- Data to process:
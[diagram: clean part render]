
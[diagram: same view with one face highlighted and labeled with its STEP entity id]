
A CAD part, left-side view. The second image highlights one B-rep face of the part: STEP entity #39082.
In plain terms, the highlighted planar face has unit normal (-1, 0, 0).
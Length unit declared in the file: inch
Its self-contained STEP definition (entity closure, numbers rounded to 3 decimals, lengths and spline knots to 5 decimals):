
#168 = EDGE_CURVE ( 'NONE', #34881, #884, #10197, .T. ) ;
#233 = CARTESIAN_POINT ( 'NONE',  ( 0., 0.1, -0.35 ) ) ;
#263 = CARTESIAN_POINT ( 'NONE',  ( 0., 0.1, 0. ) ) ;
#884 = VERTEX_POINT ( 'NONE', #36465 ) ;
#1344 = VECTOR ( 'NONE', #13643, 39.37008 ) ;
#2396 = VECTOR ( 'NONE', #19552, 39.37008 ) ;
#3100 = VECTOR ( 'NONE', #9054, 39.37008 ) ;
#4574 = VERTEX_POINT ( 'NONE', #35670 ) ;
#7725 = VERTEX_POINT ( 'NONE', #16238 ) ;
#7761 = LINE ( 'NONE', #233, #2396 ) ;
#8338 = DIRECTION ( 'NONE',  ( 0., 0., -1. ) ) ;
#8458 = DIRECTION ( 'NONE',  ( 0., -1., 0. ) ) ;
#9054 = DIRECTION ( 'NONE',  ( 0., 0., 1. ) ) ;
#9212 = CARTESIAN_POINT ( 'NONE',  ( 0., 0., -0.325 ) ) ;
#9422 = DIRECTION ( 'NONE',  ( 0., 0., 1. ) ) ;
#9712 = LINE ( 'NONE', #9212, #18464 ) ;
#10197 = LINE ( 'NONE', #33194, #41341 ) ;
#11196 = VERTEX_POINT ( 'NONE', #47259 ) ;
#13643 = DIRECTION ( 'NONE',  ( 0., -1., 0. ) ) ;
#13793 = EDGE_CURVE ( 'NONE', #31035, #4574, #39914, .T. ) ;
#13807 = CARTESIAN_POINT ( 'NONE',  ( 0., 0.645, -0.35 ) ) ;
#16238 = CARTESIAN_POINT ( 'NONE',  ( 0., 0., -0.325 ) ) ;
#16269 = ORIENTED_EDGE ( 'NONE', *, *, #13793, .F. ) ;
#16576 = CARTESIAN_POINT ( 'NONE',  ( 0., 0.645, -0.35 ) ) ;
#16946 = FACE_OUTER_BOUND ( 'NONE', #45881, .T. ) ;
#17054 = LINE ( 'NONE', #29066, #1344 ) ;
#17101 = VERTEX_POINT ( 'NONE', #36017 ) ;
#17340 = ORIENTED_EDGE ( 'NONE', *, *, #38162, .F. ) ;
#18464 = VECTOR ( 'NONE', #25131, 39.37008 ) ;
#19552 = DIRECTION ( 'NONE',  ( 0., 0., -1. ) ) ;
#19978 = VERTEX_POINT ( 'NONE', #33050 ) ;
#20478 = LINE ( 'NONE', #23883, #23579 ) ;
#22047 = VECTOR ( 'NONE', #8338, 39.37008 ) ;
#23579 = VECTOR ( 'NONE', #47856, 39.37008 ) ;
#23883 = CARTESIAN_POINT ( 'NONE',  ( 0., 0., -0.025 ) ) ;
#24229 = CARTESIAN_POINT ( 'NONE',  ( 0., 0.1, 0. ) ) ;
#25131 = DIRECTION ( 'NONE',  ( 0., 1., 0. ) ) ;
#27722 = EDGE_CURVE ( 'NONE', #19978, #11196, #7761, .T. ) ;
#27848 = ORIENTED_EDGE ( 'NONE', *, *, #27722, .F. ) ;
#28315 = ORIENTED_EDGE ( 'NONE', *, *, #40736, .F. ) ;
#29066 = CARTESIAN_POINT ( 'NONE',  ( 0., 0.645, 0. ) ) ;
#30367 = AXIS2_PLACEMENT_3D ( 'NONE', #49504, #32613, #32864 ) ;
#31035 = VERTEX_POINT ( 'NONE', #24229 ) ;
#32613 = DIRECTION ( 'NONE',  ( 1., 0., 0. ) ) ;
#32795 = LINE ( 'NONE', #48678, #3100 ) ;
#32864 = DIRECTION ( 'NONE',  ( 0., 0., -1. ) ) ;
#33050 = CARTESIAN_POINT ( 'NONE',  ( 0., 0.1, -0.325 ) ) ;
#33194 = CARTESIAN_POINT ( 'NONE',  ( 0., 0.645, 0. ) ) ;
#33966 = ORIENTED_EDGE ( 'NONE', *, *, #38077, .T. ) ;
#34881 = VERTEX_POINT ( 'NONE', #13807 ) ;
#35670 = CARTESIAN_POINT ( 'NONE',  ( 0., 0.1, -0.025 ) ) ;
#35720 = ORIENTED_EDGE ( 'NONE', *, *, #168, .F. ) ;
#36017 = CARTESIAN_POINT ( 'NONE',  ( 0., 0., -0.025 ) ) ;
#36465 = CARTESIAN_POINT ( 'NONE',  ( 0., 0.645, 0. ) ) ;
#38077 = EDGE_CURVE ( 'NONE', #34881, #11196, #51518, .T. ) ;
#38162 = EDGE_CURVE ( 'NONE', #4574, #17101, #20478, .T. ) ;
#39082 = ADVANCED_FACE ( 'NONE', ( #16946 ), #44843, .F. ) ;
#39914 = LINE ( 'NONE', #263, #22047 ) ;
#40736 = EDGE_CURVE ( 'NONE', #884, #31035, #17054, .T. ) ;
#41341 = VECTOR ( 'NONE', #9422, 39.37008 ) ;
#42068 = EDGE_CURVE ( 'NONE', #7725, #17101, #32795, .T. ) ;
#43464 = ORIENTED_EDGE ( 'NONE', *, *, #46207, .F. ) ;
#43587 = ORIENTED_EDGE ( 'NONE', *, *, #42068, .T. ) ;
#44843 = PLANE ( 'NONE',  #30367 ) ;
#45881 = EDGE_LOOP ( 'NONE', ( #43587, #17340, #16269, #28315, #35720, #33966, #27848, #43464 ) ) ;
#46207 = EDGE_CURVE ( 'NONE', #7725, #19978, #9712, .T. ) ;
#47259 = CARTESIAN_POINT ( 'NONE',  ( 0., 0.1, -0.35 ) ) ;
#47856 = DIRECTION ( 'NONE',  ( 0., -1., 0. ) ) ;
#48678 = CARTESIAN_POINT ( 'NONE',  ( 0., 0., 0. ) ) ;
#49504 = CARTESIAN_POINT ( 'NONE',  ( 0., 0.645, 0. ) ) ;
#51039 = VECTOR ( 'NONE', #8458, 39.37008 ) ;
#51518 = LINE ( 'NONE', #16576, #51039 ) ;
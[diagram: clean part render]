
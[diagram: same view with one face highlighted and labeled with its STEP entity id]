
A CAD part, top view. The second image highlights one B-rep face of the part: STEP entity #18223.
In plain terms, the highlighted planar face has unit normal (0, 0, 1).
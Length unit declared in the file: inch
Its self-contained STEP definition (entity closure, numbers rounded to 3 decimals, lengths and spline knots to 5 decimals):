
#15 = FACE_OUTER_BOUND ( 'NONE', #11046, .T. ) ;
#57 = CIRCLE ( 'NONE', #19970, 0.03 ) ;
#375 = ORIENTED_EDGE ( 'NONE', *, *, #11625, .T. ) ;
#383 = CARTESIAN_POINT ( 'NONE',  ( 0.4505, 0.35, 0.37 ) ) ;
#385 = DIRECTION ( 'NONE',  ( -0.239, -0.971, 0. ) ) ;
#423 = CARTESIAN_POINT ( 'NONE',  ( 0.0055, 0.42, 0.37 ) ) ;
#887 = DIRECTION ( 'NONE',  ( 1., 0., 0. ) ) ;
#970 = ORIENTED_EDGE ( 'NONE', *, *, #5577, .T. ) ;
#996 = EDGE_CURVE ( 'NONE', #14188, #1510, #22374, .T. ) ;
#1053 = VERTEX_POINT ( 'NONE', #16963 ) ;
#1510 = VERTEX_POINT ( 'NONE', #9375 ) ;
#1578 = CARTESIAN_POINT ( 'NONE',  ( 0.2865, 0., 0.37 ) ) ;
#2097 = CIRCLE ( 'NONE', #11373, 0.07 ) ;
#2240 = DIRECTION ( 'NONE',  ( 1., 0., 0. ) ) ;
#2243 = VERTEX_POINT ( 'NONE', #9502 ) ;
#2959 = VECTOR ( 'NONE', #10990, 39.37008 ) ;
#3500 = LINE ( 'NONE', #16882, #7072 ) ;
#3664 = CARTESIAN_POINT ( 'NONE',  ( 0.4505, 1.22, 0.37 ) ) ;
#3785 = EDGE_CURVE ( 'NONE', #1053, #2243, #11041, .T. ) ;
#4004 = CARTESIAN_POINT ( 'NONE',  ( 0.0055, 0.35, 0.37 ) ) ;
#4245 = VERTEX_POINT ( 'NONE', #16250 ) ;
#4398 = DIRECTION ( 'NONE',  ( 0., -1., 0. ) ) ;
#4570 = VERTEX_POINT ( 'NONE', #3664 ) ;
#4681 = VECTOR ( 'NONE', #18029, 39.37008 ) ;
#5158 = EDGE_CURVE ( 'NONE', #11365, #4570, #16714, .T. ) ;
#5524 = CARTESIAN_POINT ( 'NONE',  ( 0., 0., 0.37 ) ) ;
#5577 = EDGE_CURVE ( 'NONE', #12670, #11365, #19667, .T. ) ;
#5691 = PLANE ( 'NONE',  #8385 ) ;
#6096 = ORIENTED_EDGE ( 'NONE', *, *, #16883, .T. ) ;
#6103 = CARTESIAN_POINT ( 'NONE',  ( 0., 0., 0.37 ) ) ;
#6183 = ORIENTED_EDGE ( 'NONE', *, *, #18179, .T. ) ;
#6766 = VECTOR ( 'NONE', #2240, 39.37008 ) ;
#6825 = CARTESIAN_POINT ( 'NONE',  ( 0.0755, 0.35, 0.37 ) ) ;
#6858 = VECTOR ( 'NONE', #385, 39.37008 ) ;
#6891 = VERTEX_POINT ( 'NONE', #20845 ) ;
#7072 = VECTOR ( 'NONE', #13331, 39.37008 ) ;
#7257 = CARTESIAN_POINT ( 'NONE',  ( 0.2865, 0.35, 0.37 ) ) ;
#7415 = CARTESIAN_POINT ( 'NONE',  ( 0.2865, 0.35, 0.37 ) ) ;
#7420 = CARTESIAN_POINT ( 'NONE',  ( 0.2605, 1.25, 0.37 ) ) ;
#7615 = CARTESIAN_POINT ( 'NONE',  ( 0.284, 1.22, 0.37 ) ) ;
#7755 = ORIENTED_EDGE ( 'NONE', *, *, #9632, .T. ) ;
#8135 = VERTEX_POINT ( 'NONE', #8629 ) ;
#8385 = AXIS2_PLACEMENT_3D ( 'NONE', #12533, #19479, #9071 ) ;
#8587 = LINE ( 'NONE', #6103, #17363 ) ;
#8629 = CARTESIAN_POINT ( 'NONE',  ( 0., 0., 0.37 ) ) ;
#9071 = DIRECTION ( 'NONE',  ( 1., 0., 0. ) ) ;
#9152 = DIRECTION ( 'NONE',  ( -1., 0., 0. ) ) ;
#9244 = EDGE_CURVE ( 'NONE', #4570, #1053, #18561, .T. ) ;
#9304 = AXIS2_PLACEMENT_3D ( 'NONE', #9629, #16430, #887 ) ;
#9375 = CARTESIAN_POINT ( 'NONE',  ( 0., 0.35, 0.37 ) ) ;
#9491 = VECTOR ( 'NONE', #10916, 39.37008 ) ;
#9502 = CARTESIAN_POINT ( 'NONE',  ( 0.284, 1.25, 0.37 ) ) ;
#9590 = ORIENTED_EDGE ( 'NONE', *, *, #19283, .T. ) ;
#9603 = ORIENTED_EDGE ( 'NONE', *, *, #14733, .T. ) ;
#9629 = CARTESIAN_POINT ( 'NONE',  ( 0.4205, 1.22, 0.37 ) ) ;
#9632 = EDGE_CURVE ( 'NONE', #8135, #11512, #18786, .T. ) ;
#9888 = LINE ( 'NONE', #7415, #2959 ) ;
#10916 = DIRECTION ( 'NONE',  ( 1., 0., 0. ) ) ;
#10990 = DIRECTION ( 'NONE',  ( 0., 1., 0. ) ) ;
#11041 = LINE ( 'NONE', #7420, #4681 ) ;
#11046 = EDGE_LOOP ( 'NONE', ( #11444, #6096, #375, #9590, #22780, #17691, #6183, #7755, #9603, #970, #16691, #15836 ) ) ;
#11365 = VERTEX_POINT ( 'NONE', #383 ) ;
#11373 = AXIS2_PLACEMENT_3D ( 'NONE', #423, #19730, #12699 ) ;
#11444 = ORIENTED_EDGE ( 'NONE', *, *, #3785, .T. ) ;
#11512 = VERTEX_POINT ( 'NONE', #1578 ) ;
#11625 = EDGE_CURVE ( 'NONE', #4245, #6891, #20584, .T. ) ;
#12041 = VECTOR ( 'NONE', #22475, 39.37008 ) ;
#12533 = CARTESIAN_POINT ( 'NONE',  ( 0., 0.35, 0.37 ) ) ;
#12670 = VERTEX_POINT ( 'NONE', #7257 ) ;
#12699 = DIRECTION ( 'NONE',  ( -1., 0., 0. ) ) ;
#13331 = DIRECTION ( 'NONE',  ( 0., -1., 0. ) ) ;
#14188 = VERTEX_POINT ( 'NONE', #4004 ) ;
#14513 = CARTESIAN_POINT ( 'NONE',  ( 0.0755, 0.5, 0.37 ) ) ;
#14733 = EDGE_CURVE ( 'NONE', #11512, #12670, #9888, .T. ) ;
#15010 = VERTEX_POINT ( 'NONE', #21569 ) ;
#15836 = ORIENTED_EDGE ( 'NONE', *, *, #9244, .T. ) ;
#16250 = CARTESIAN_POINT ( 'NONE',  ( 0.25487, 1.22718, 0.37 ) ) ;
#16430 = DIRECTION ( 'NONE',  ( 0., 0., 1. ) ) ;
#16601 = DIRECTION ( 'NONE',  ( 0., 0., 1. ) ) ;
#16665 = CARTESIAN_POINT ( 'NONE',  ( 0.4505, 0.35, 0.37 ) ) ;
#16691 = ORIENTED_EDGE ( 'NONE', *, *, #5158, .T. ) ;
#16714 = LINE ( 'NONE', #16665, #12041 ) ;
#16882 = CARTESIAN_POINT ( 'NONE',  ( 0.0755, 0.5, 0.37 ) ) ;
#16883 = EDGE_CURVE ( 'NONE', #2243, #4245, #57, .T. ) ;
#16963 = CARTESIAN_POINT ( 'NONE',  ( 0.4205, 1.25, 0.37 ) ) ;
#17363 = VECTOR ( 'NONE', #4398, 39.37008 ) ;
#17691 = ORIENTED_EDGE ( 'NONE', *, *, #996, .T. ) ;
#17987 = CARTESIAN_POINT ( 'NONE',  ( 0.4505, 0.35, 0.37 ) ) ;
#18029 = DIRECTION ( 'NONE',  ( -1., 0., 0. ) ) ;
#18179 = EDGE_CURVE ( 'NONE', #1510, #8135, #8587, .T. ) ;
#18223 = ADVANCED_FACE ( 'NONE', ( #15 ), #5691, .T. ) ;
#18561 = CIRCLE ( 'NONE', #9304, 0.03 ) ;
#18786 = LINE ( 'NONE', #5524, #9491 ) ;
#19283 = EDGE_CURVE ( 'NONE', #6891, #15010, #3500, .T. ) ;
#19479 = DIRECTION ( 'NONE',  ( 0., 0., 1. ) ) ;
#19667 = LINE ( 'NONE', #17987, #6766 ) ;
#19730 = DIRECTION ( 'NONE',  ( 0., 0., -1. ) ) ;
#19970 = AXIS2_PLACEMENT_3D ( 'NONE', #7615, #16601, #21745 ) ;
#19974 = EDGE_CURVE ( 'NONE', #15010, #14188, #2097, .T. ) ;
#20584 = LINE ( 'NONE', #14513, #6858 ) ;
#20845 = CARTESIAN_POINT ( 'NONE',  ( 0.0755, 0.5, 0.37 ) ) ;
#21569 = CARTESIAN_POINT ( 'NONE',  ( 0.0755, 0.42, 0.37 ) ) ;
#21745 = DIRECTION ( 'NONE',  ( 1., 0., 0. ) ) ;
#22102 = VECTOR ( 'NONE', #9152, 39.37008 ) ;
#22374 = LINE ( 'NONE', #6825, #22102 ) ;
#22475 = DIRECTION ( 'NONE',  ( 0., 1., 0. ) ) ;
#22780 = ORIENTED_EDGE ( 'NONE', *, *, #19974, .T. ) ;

- Exercise aim: When copying the data above, please keep exactly the lines from its first line through the line with "#1344 = VECTOR ( 'NONE', #13643, 39.37008 ) ;", both ends included, and drop the rest.

- Answer section:
[diagram: clean part render]
[diagram: same view with one face highlighted and labeled with its STEP entity id]
A CAD part, left-side view. The second image highlights one B-rep face of the part: STEP entity #39082.
In plain terms, the highlighted planar face has unit normal (-1, 0, 0).
Length unit declared in the file: inch
Its self-contained STEP definition (entity closure, numbers rounded to 3 decimals, lengths and spline knots to 5 decimals):
#168 = EDGE_CURVE ( 'NONE', #34881, #884, #10197, .T. ) ;
#233 = CARTESIAN_POINT ( 'NONE',  ( 0., 0.1, -0.35 ) ) ;
#263 = CARTESIAN_POINT ( 'NONE',  ( 0., 0.1, 0. ) ) ;
#884 = VERTEX_POINT ( 'NONE', #36465 ) ;
#1344 = VECTOR ( 'NONE', #13643, 39.37008 ) ;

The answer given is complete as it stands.